### ACTIVITY:
Find the line containing "Crank_Length = 0.150" in the entries below. Restate it and each line after it, word for word, up to and including the line containing "Polarization_Capacitance = 1*10^-7".

### AVAILABLE DATA:
—————
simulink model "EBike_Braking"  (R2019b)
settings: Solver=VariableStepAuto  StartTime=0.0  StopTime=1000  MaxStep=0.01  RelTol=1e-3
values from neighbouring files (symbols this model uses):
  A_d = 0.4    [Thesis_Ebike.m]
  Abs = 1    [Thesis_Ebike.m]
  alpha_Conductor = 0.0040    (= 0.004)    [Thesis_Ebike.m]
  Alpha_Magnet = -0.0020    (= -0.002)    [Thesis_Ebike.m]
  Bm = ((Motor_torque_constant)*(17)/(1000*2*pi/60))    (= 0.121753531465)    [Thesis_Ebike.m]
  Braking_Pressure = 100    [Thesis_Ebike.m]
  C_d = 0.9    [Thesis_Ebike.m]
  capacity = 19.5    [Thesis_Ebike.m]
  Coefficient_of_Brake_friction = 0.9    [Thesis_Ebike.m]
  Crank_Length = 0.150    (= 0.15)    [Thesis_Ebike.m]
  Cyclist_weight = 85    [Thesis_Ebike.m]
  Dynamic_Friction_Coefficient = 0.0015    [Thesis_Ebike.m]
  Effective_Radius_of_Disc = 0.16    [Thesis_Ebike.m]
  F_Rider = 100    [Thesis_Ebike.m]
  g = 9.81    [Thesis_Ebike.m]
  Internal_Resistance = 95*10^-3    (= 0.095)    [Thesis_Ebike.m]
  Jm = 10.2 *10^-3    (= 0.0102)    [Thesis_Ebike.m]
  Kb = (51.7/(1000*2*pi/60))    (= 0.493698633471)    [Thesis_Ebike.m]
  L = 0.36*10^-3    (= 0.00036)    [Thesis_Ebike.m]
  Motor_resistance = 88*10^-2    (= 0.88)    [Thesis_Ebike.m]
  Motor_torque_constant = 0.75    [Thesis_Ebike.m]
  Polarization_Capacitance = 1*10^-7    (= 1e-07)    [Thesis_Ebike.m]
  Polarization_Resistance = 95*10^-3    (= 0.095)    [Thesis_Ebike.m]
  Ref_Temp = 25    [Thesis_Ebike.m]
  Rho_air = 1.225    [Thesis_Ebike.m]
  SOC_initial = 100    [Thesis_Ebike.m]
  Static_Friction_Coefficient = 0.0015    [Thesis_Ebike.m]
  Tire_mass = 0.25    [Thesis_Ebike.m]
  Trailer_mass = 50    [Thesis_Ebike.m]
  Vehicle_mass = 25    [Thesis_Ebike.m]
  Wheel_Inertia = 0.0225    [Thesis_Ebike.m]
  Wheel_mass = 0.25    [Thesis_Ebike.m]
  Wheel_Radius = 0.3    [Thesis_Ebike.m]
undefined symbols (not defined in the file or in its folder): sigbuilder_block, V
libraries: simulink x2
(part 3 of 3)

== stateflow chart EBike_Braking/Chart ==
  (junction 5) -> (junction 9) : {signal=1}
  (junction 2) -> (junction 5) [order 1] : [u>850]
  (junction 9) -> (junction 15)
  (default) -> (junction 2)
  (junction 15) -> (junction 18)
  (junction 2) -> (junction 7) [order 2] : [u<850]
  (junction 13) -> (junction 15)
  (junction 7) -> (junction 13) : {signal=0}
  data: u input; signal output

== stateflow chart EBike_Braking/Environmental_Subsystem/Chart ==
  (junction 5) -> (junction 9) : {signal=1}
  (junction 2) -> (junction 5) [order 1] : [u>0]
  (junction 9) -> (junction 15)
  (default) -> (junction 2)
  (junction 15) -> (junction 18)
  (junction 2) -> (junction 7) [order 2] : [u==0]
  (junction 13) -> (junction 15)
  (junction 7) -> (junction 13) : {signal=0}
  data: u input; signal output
—————
### ANSWER BOX:
  Crank_Length = 0.150    (= 0.15)    [Thesis_Ebike.m]
  Cyclist_weight = 85    [Thesis_Ebike.m]
  Dynamic_Friction_Coefficient = 0.0015    [Thesis_Ebike.m]
  Effective_Radius_of_Disc = 0.16    [Thesis_Ebike.m]
  F_Rider = 100    [Thesis_Ebike.m]
  g = 9.81    [Thesis_Ebike.m]
  Internal_Resistance = 95*10^-3    (= 0.095)    [Thesis_Ebike.m]
  Jm = 10.2 *10^-3    (= 0.0102)    [Thesis_Ebike.m]
  Kb = (51.7/(1000*2*pi/60))    (= 0.493698633471)    [Thesis_Ebike.m]
  L = 0.36*10^-3    (= 0.00036)    [Thesis_Ebike.m]
  Motor_resistance = 88*10^-2    (= 0.88)    [Thesis_Ebike.m]
  Motor_torque_constant = 0.75    [Thesis_Ebike.m]
  Polarization_Capacitance = 1*10^-7    (= 1e-07)    [Thesis_Ebike.m]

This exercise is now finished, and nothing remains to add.